Uno degli effetti dei lockdown causati dall’emergenza Covid-19 è sicuramente la riscoperta della vita in casa e la conseguente rivalutazione del valore degli spazi e dei comfort nell’home living. Durante il lockdown le attività domestiche hanno trainato anche parte degli acquisti non food, sintomo che gli italiani hanno sfruttato il tempo per riparazioni o abbellimenti che in altri momenti vengono rimandati o fatti gestire a terzi.
«La sensibilità per la cura e l’ammodernamento della casa e degli ambienti domestici si è acuita negli ultimi mesi ma è una tendenza che era già in atto da alcuni anni, come emerge chiaramente dall’Osservatorio Non Food 2020» afferma Marco Cuppini, research and communication director di GS1 Italy. «Un fenomeno conseguente alla crescita dei redditi, alla ripresa del mercato immobiliare, che sostiene la domanda di primo acquisto di mobili ed elettrodomestici, e alla conferma delle agevolazioni fiscali per gli interventi di ristrutturazione edilizia e di riqualificazione energetica».

Mobili e arredamento: effetto traino delle agevolazioni fiscali
Il comparto dei mobili e dell’arredamento mostra da anni segnali di ripresa: tra il 2015 e il 2019 le vendite sono aumentate di +8,4%. Solo nel 2019 il tasso di crescita è stato di +1,8% per un valore complessivo di 14,9 miliardi di euro.
A sostenere la domanda di mobili sono state la ripresa del mercato immobiliare e le agevolazioni fiscali per le ristrutturazioni edilizie e di riqualificazione energetica. Tra le principali voci di spesa gli arredi per il bagno e i mobili per la cucina, anche grazie agli effetti positivi derivanti dall’evoluzione dei grandi elettrodomestici da incasso di nuovo in crescita.
In questo mondo i negozi specializzati tradizionali restano il principale canale distributivo, perché concentrano quasi metà delle vendite (48,0%) e mantengono stabile la quota di mercato, nonostante la minore competitività dei prezzi. Evidentemente gli italiani apprezzano i mobilieri per il servizio che offrono, come consulenza, trasporto e montaggio, che si confermano autentici punti di forza.
I consumatori che puntano al risparmio hanno puntato su altri canali (internet in primis), che detengono il 27,7% di quota e che hanno registrato il 4,3% di vendite in più.
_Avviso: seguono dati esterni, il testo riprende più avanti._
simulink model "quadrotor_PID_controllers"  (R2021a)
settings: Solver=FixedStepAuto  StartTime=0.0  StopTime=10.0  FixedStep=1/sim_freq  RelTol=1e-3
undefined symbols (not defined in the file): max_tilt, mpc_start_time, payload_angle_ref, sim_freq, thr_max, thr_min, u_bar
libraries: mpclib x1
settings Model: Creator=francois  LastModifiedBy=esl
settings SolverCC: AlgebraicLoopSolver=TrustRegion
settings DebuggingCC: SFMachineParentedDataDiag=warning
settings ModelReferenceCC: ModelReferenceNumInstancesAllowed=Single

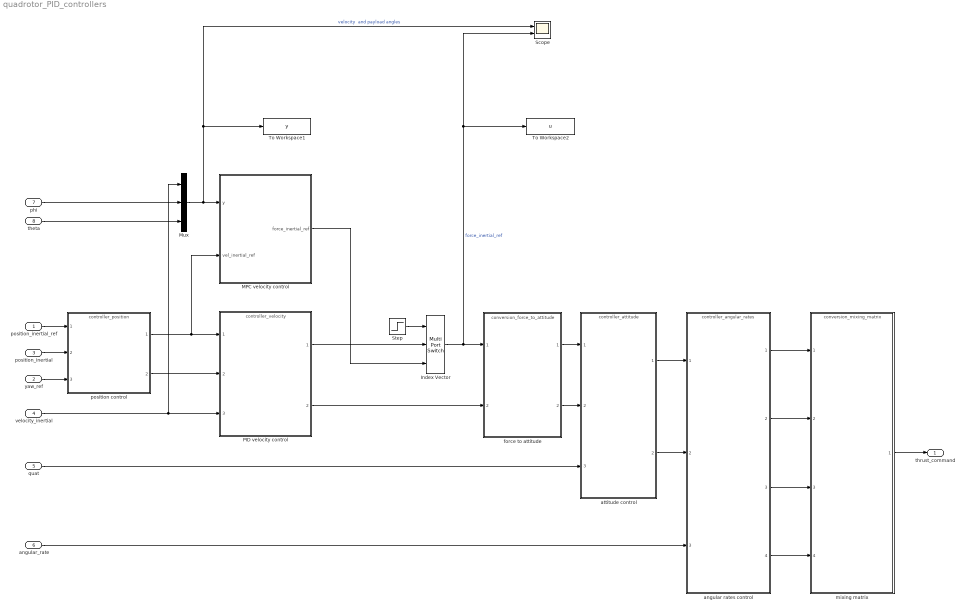
== system quadrotor_PID_controllers ==
  position_inertial_ref : Inport
  yaw_ref : Inport  Port=2
  position_inertial : Inport  Port=3
  velocity_inertial : Inport  Port=4
  quat : Inport  Port=5  PortDimensions=4
  angular_rate : Inport  Port=6
  phi : Inport  Port=7
  theta : Inport  Port=8
  Index Vector : MultiPortSwitch  DataPortOrder=Zero-based contiguous  Inputs=2  zeroidx=on
  MPC velocity control : Subsystem
  Mux : Mux  Inputs=3
  PID velocity control : ModelReference  ModelNameDialog=controller_velocity.slx  SimulationMode=Normal  ModelReferenceVersion=3.0
  Scope : Scope  NumInputPorts=2
  Step : Step  Time=mpc_start_time  SampleTime=0
  To Workspace1 : ToWorkspace  VariableName=y  SaveFormat=Timeseries  SampleTime=-1
  To Workspace2 : ToWorkspace  VariableName=u  SaveFormat=Timeseries  SampleTime=-1
  angular rates control : ModelReference  ModelNameDialog=controller_angular_rates.slx  SimulationMode=Normal  ModelReferenceVersion=3.0
  attitude control : ModelReference  ModelNameDialog=controller_attitude.slx  SimulationMode=Normal  ModelReferenceVersion=3.0
  force to attitude : ModelReference  ModelNameDialog=conversion_force_to_attitude.slx  SimulationMode=Normal  ModelReferenceVersion=1.7
  mixing matrix : ModelReference  ModelNameDialog=conversion_mixing_matrix.slx  SimulationMode=Normal  ModelReferenceVersion=1.7
  position control : ModelReference  ModelNameDialog=controller_position.slx  SimulationMode=Normal  ModelReferenceVersion=4.0
  thrust_command : Outport
  wires:
  position control/2 -> PID velocity control/2
  angular rates control/3 -> mixing matrix/3
  angular_rate/1 -> angular rates control/3
  quat/1 -> attitude control/3
  angular rates control/1 -> mixing matrix/1
  angular rates control/4 -> mixing matrix/4
  mixing matrix/1 -> thrust_command/1
  attitude control/1 -> angular rates control/1
  velocity_inertial/1 -> Mux/1, PID velocity control/3
  position_inertial/1 -> position control/2
  angular rates control/2 -> mixing matrix/2
  force to attitude/2 -> attitude control/2
  attitude control/2 -> angular rates control/2
  yaw_ref/1 -> position control/3
  position_inertial_ref/1 -> position control/1
  force to attitude/1 -> attitude control/1
  PID velocity control/2 -> force to attitude/2
  position control/1 -> MPC velocity control/2(vel_inertial_ref), PID velocity control/1
  PID velocity control/1 -> Index Vector/2
  MPC velocity control/1(force_inertial_ref) -> Index Vector/3
  Step/1 -> Index Vector/1
  Index Vector/1 -> Scope/2, To Workspace2/1, force to attitude/1  "force_inertial_ref"
  phi/1 -> Mux/2
  theta/1 -> Mux/3
  Mux/1 -> Scope/1, To Workspace1/1, MPC velocity control/1(y)  "velocity  and payload angles"

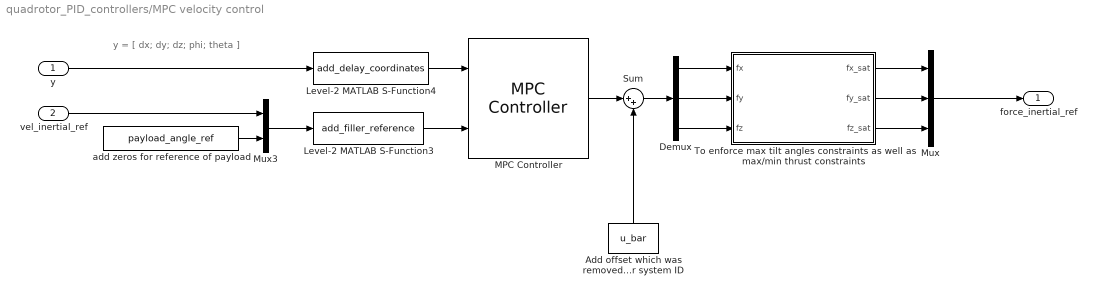
== system quadrotor_PID_controllers/MPC velocity control ==
  note: y = [ dx; dy; dz; phi; theta ]
  y : Inport
  vel_inertial_ref : Inport  Port=2
  Add offset which was removed for system ID : Constant  Value=u_bar
  Demux : Demux  Outputs=3
  Level-2 MATLAB S-Function3 : M-S-Function  FunctionName=add_filler_reference  Parameters=ny, q, Ts_mpc
  Level-2 MATLAB S-Function4 : M-S-Function  FunctionName=add_delay_coordinates  Parameters=y_ext_0, q, Ts_mpc, ny
  MPC Controller : mpclib/MPC Controller  SCDEnableBlockLinearizationSpecification=on  mpcobj=mpc_vel  is_multiple=0  enable_value=0  return_u0=off  updateMPCinCallerWorkspace=on  md_inport=off  mv_inport=off  uref_inport=off  return_cost=off  return_mvseq=off  return_qpstatus=off  return_xseq=off  return_state=off  return_ovseq=off  state_inport=off  umin_inport=off  umax_inport=off  ymin_inport=off  ymax_inport=off  cc_inport=off  ywt_inport=off  uwt_inport=off  duwt_inport=off  rhoeps_inport=off  pm_inport=off  MaximumP=10  HorizonChoice=FixedHorizon  n_ts=0.03  n_p=200  n_mv=3  n_md=0  n_ud=0  n_mo=30  n_uo=0  BlockDataType=double  SampleTimeInherited=off  switch_inport=off
  Mux : Mux  Inputs=3
  Mux3 : Mux  Inputs=2
  Sum : Sum  Inputs=|++
  To enforce max tilt angles constraints as well as max/min thrust constraints : MATLAB Function  TreatAsAtomicUnit=on  SystemSampleTime=1/sim_freq
  add zeros for reference of payload : Constant  Value=payload_angle_ref
  force_inertial_ref : Outport
  wires:
  Level-2 MATLAB S-Function3/1 -> MPC Controller/2
  Level-2 MATLAB S-Function4/1 -> MPC Controller/1
  To enforce max tilt angles constraints as well as max/min thrust constraints/3(fz_sat) -> Mux/3
  To enforce max tilt angles constraints as well as max/min thrust constraints/1(fx_sat) -> Mux/1
  To enforce max tilt angles constraints as well as max/min thrust constraints/2(fy_sat) -> Mux/2
  Demux/2 -> To enforce max tilt angles constraints as well as max/min thrust constraints/2(fy)
  Demux/3 -> To enforce max tilt angles constraints as well as max/min thrust constraints/3(fz)
  Demux/1 -> To enforce max tilt angles constraints as well as max/min thrust constraints/1(fx)
  Mux/1 -> force_inertial_ref/1
  MPC Controller/1 -> Sum/1
  Sum/1 -> Demux/1
  Add offset which was removed for system ID/1 -> Sum/2
  Mux3/1 -> Level-2 MATLAB S-Function3/1
  add zeros for reference of payload/1 -> Mux3/2
  vel_inertial_ref/1 -> Mux3/1
  y/1 -> Level-2 MATLAB S-Function4/1

== matlab function quadrotor_PID_controllers/MPC velocity control/To enforce max tilt angles constraints as well as max//min thrust constraints ==
  data: fx input; fx_sat output; fy input; fz input; fy_sat output; max_tilt parameter; thr_max parameter; fz_sat output; thr_min parameter
function [fx_sat, fy_sat, fz_sat] = constrain_max_tilt(fx, fy, fz, max_tilt, thr_max, thr_min)
    % First constrain fz.
    if fz > -thr_min
        fz_sat = -thr_min;
    elseif fz < -thr_max
        fz_sat = -thr_max;
    else
        fz_sat = fz;
    end
    
    % Constrain fx and fy
    thrust_max_NE_tilt = abs(fz_sat) * tan(max_tilt * pi/180);
    thrust_max_NE = sqrt(thr_max*thr_max - fz_sat*fz_sat);
    thrust_max_NE = min(thrust_max_NE_tilt, thrust_max_NE);
    
    fx_sat = fx;
    fy_sat = fy;

%     if dot([fx, fy], [fx, fy]) > thrust_max_NE*thrust_max_NE
%         mag = norm([fx, fy]);
    mag = norm([fx, fy]); %myne
    if mag > thrust_max_NE% myne
        fx_sat = fx / mag * thrust_max_NE;
        fy_sat = fy / mag * thrust_max_NE;
    end
end

Positivo anche il trend, delle grandi superfici, come catene e mercatoni, che hanno registrato un +1,8% sul fatturato e sono stabili al 19,5% in termini di quota di mercato.

Bricolage: innovazione e tecnologia per risparmiare tempo
Vendite in lieve aumento annuo (+0,4%) per il mondo del bricolage, che nel quinquennio 2015-2019 ha visto crescere il sell-out di +2,9%.
Il trend positivo del mercato è sostenuto dagli interventi realizzati dalle famiglie per la manutenzione e l’abbellimento sia degli ambienti interni che di quelli esterni della casa, per ammodernarli e adeguarli al cambiamento dello stile di vita.
A segnare la vera novità è la proposta dei prodotti che uniscono innovazione e tecnologia per intercettare la richiesta dei consumatori in termini di migliori prestazioni d’uso e risparmio di tempo.
Il segmento del giardinaggio, tempo libero e autoaccessori ha coperto il 52,3% delle vendite totali, mentre quello dell’edilizia e fai da te il restante 47,7%.
Le grandi superfici specializzate si sono confermate il primo canale di vendita con una quota di mercato del 28,3%, anche grazie all’azione di fidelizzazione dei consumatori intrapresa introducendo nei punti di vendita di servizi e spazi dedicati per la personalizzazione dell’ambiente domestico.

Elettrodomestici: sì alle super performance, ma senza dimenticare il design
Il segmento degli elettrodomestici bianchi ha registrato una crescita delle vendite a valore di +5,1%, favorita dall’esigenza di sostituzione dei vecchi elettrodomestici e dagli incentivi delle ristrutturazioni edilizie.
Innovazione tecnologica, risparmio energetico, multifunzionalità, usabilità e design hanno guidato le scelte dei consumatori, che hanno premiato i frigoriferi con touchscreen e monitoraggio della conservazione del cibo, le lavatrici dotate di sistemi di ottimizzazione dei cicli per il dosaggio automatizzato dei detersivi, le asciugatrici e le lavastoviglie. Anche l’home comfort (come condizionatori d’aria e prodotti per il riscaldamento) hanno contribuito al trend espansivo degli elettrodomestici bianchi.
I canali leader si confermano i mobilieri e le grandi superfici specializzate per una quota complessiva del 70,9%.
I piccoli elettrodomestici, con un valore complessivo di 1,724 miliardi di euro, registrano un incremento del fatturato di +5,9% annuo, che sale a +14,8% rispetto al 2015. A trainare il mercato nell’ultimo anno sono stati soprattutto i prodotti per la cura della casa, in particolare gli aspirapolvere senza fili, mentre i prodotti per la preparazione del cibo hanno rallentato la crescita. Tra i prodotti per la cura della persona le performance migliori sono state quelle di asciugacapelli e prodotti per l’igiene dentale.
Per quanto riguarda i canali di vendita le grandi superfici specializzate si sono confermate al primo posto (43,8% di quota) e in crescita. A seguire l’online che, grazie a un aumento di 1,1 punti quota, ha raggiunto il 28,9% di quota.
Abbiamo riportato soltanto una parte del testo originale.